The projects though diverse, are all distinctly user-centred and address very specific needs identified by and often in partnership with the health-related industries or professional bodies.  Examples are the graphene-based soft wearable antennas presented by Dr Ozden Yenigun and the wearable urinary incontinence monitoring warning system presented by Dr Berk. Partnering internationally brings an additional cultural dimension to projects such as these, a benefit that is often not measured and can therefore be overlooked.  Universities and research institutions are especially good at drawing out this strength in R+D.

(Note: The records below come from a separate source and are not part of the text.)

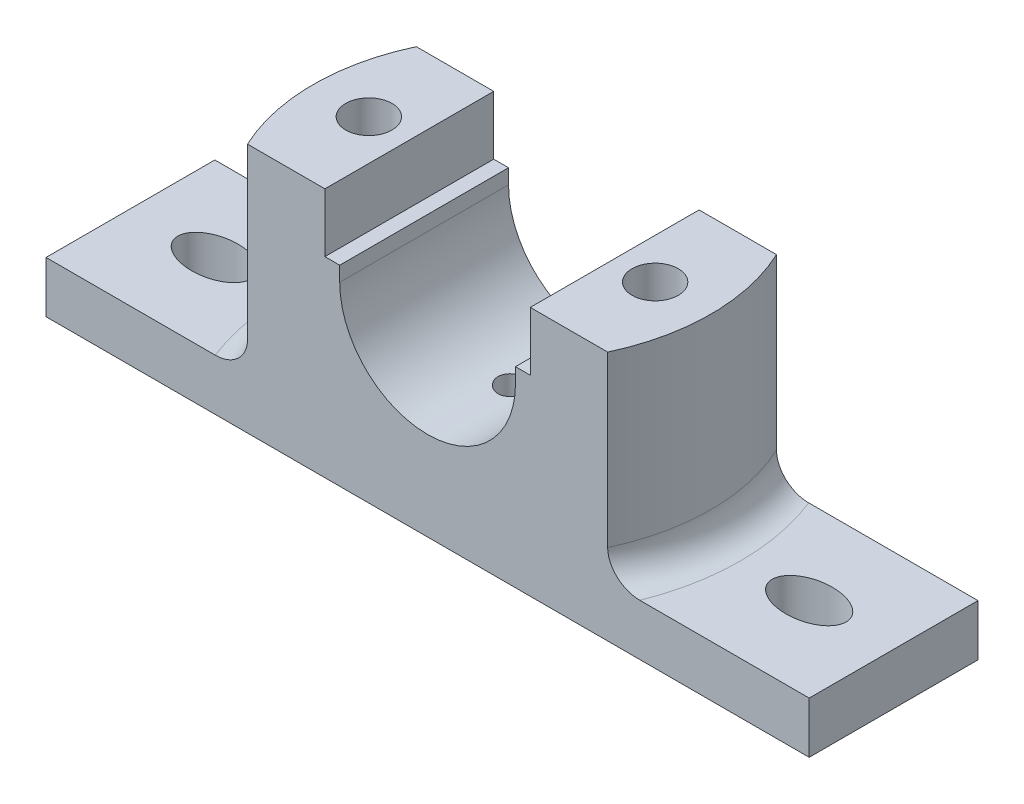
SolidWorks part; units mm, degrees
ref_plane "Front Plane" through (0, 0, 0) normal (0, 0, 1) x (1, 0, 0)
ref_plane "Top Plane" through (0, 0, 0) normal (0, 1, 0) x (1, 0, 0)
ref_plane "Right Plane" through (0, 0, 0) normal (1, 0, 0) x (0, 0, -1)
sketch "Sketch2" plane through (0, 0, 0) normal (0, 0, 1) x (1, 0, 0)
  line L0 (0, 0) -> (0, 11.1)
  line L1 (0, 11.1) -> (39.5, 11.1)
  line L2 (39.5, 11.1) -> (39.5, 54.1)
  line L3 (39.5, 54.1) -> (60.3, 54.1)
  line L4 (60.3, 54.1) -> (60.3, 41.4)
  line L5 (60.3, 41.4) -> (63.5, 41.4)
  line L6 (63.5, 41.4) -> (63.5, 38.2)
  line L8 (82.5, 19.2) -> (82.5, 0)
  line L9 (82.5, 0) -> (0, 0)
  arc A1 (63.5, 38.2) -> (82.5, 19.2) centre (82.5, 38.2) ccw
  point P12 (82.5, 38.2)
  dimension "D9" = 38
  dimension "D1" = 11.1
  dimension "D2" = 82.5
  dimension "D3" = 3.2
  dimension "D4" = 12.7
  dimension "D5" = 22.2
  dimension "D6" = 43
  dimension "D7" = 43
extrude "Boss-Extrude1" add sketch "Sketch2" along normal mid plane 36.5 contours L5 L6 A1 L8 L9 L0 L1 L2 L3 L4
sketch "Sketch3" plane through (0, 54.1, 0) normal (0, 1, 0) x (1, 0, 0)
  line L0 (82.5, -18.25) -> (82.5, 18.25) construction
  line L4 (39.5, -18.25) -> (60.3, -18.25) construction
  line L5 (39.5, -18.25) -> (39.5, 18.25) construction
  line L10 (39.5, -18.25) -> (43.565, -18.25)
  line L11 (39.5, -18.25) -> (39.5, 0)
  arc A1 (39.5, 0) -> (43.565, -18.25) centre (82.5, 0) ccw
  dimension "D1" = 86
extrude "Cut-Extrude1" cut sketch "Sketch3" against normal blind 43 and the other way blind 5
mirror "Mirror2" about plane through (0, 0, 0) normal (0, 0, 1) of "Cut-Extrude1"
mirror "Mirror3" about plane through (82.5, 19.2, 18.25) normal (1, 0, 0) of bodies 104
sketch "Sketch6" plane through (0, 54.1, 0) normal (0, 1, 0) x (1, 0, 0)
  line L0 (82.5, -18.25) -> (82.5, 18.25) construction
  circle A0 centre (51.55, 0) radius 5
  dimension "D2" = 10
  dimension "D1" = 30.95
sketch "Sketch7" plane through (0, 11.1, 0) normal (0, 1, 0) x (1, 0, 0)
  line L0 (82.5, -18.25) -> (82.5, 18.25) construction
  ellipse E0 centre (18.25, 0) end of major axis (26.25, 0) minor radius 5
  dimension "D1" = 64.25
extrude "Cut-Extrude3" cut sketch "Sketch6" against normal up to surface (54.1 mm away) contours A0 up to face at (82.5, 0, 0)
extrude "Cut-Extrude4" cut sketch "Sketch7" against normal up to surface (11.1 mm away) contours E0 up to face at (56.55, 0, 0)
ref_plane "Plane1" through (82.5, 0, 0) normal (-1, 0, 0) x (0, 0, 1)
mirror "Mirror4" about plane through (82.5, 0, 0) normal (-1, 0, 0) of "Cut-Extrude4", "Cut-Extrude3"
fillet "Fillet3" radius 6.4 2 edges at (125.5, 11.1, 0) (39.5, 11.1, 0)
sketch "Sketch10" plane through (0, 0, 0) normal (0, -1, 0) x (1, 0, 0)
  line L0 (0, 18.25) -> (0, -18.25) construction
  line L1 (7, 11.25) -> (158, 11.25)
  line L2 (7, 11.25) -> (7, -11.25)
  line L3 (7, -11.25) -> (158, -11.25)
  line L4 (158, 11.25) -> (158, -11.25)
  line L5 (165, 18.25) -> (0, 18.25) construction
  line L6 (165, -18.25) -> (0, -18.25) construction
  line L7 (165, 18.25) -> (165, -18.25) construction
  dimension "D1" = 7
  dimension "D2" = 7
  dimension "D3" = 7
  dimension "D4" = 7
extrude "Cut-Extrude7" cut sketch "Sketch10" against normal blind 2.5
sketch "Sketch11" plane through (0, 0, 0) normal (0, -1, 0) x (1, 0, 0)
  line L1 (41.05, 10.5) -> (62.05, 10.5)
  line L2 (41.05, 10.5) -> (41.05, -10.5)
  line L3 (41.05, -10.5) -> (62.05, -10.5)
  line L4 (62.05, 10.5) -> (62.05, -10.5)
  line L5 (41.05, 10.5) -> (62.05, -10.5) construction
  line L6 (41.05, -10.5) -> (62.05, 10.5) construction
  point P0 (51.55, 0)
  dimension "D1" = 21
  dimension "D2" = 21
extrude "Cut-Extrude8" cut sketch "Sketch11" against normal blind 8
mirror "Mirror5" about plane through (82.5, 0, 0) normal (-1, 0, 0) of "Cut-Extrude8"
sketch "Sketch12" plane through (82.5, 0, 0) normal (-1, 0, 0) x (0, 0, 1)
  line L0 (0, 19.5) -> (3, 19.5)
  line L1 (0, 8) -> (0, 54.1) construction
  line L2 (0, 8) -> (0, 54.1) construction
  line L3 (3, 19.5) -> (3, 13.5)
  line L4 (3, 13.5) -> (0, 9.9837)
  line L5 (0, 9.9837) -> (0, 19.5)
  line L9 (18.25, 0) -> (-18.25, 0) construction
  dimension "D1" = 3
  dimension "D2" = 6
  dimension "D3" = 19.5
revolve "Cut-Revolve1" cut sketch "Sketch12" angle 360 about axis through (82.5, 59.1, 0) along (0, -1, 0)
equation "\"mm\"=36.5"

The Textile Technology Centre at Gaston College in North Carolina is located in the heartland of North American textile manufacturing. They offer training and testing services, while their new Manufacturing Solutions Center provides space for incubators. Looking to attract textile entrepreneurs with exciting new ideas they offer support from product testing to marketing and distribution know-how.

Nufabrx Product Roadmap outlines the scale of their ambition and just how far they have developed in a short period of time.  Partnerships and collaboration are a key part of this. © Nufabrx.

Current tenants include Nufabrx who offer a proprietary biomaterial with embedded active ingredients that include pain medicine, CBD, Shea butter and Melatonin. The fabric is used in applications such as apparel and bed linen. Founder and CEO Jonathan Schindler provided details of the technology and their ambition to further expand the range in areas such as maternity clothing in his presentation titled ‘Clothing: the next frontier for drug delivery.’

The development has been supported under AFFOA’s FIN, with Stolyarov also mentioning it in his presentation. In many ways, the project reflects how interconnected the smart and advanced textile industry is not just in America but globally. What the pandemic has taught us surely is that supportive partnerships have become a necessary part of the value chain to allow for innovation to happen then taken to scale and commercialisation in a timely way.